Als in Basel 2006 die Erde leicht bebte, hatte das schwerwiegende Folgen für die Geothermiebohrung. Auslöser für das Beben waren grosse Wassermengen, die unter hohem Druck in die Tiefe gepresst worden waren. Durch das Beben entstanden kleine Schäden an Gebäuden; Versicherungen zahlten Kompensationen in Millionenhöhe aus. Das Projekt in Basel wurde abgebrochen. Das möchte man bei den derzeitigen Bohrungen in St. Gallen unbedingt verhindern.

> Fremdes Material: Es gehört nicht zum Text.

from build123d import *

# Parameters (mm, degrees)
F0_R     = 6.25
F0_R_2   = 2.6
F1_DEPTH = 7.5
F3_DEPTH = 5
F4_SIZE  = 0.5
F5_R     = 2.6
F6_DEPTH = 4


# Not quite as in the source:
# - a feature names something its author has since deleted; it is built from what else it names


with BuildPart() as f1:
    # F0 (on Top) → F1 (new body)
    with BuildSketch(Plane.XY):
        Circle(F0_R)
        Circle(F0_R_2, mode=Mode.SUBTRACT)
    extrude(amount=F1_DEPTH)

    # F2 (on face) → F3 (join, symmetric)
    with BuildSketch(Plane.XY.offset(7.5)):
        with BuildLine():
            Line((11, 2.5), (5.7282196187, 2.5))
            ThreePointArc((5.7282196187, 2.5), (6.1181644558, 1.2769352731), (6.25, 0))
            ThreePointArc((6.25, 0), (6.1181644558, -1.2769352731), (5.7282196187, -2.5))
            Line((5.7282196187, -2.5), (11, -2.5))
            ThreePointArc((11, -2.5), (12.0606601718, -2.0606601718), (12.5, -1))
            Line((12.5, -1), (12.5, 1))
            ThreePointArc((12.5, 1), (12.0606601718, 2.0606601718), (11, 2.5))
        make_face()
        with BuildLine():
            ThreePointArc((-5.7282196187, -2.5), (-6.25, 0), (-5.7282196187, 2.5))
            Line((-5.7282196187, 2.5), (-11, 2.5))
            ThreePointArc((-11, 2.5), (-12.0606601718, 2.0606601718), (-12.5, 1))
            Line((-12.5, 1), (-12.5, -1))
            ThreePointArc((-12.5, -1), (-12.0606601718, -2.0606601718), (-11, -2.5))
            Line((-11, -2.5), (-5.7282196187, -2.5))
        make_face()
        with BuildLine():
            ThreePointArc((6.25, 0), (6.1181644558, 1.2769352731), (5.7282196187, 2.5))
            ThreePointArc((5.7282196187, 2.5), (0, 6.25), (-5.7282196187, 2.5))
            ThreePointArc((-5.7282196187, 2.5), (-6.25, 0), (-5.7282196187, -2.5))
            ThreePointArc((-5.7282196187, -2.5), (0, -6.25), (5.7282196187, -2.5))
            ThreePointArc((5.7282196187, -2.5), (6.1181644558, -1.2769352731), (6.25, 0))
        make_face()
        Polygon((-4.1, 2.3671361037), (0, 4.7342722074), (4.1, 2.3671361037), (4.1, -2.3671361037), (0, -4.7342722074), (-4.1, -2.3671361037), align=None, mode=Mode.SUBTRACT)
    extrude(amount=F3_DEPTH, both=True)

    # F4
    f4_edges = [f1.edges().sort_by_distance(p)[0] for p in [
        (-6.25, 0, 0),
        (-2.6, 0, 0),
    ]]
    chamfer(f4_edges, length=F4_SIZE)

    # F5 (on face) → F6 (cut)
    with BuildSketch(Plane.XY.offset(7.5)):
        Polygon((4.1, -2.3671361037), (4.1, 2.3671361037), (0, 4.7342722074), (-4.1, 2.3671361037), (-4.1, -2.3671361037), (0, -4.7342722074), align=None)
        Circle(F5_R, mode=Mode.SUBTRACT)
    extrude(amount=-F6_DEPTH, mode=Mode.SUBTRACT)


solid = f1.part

St. Gallen ist nicht Basel
Die Chancen stehen gut, denn in St. Gallen ist das Erdbeben-Risiko ungleich tiefer. Nicht nur, weil hier in einem Bereich mit geringer seismischer Aktivität gebohrt wird. In St. Gallen wird ein Verfahren angewendet, das sich von dem in Basel unterscheidet. Dort sollte Wasser künstlich in den Untergrund gepresst werden und durch die vorhandene geothermale Energie aufgewärmt werden. Um eine Wärmeaustauschfläche zu schaffen, wollte man das Gestein auf einer Fläche von vier Quadratkilometern aufbrechen.
In St. Gallen hingegen erwarten die Experten, ein natürliches Heisswasser-Reservoir im Untergrund vorzufinden. Das rund 140 Grad Celsius heisse Wasser soll aus etwa vier Kilometern Tiefe an die Oberfläche gepumpt werden, wo ihm in einem Heizkraftwerk über Wärmetauscher die Wärmeenergie entzogen werden soll. In einer zweiten Bohrung wird das abgekühlte Wasser danach wieder in den Untergrund gepumpt. Der entscheidende Unterschied: Wenn der Wasserfluss in der Tiefe gross genug ist, muss das Gestein nicht künstlich aufgebrochen werden.
Erdbeben kann es trotzdem geben
Ausgeschlossen sind kleine Erdbeben trotzdem nicht. Das weiss Toni Kraft, Seismologe des Schweizerischen Erdbebendienstes: «Wenn man in den tiefen Untergrund eingreift, werden Spannungsverhältnisse verändert, besonders, wenn man Wasser einpresst oder entnimmt. Dann kann es zu kleineren Bruchprozessen kommen, die man an der Oberfläche spürt». Ein Sensornetz des Schweizerischen Erdbebendienstes überwacht deshalb permanent die Umgebung des Bohrplatzes in St. Gallen.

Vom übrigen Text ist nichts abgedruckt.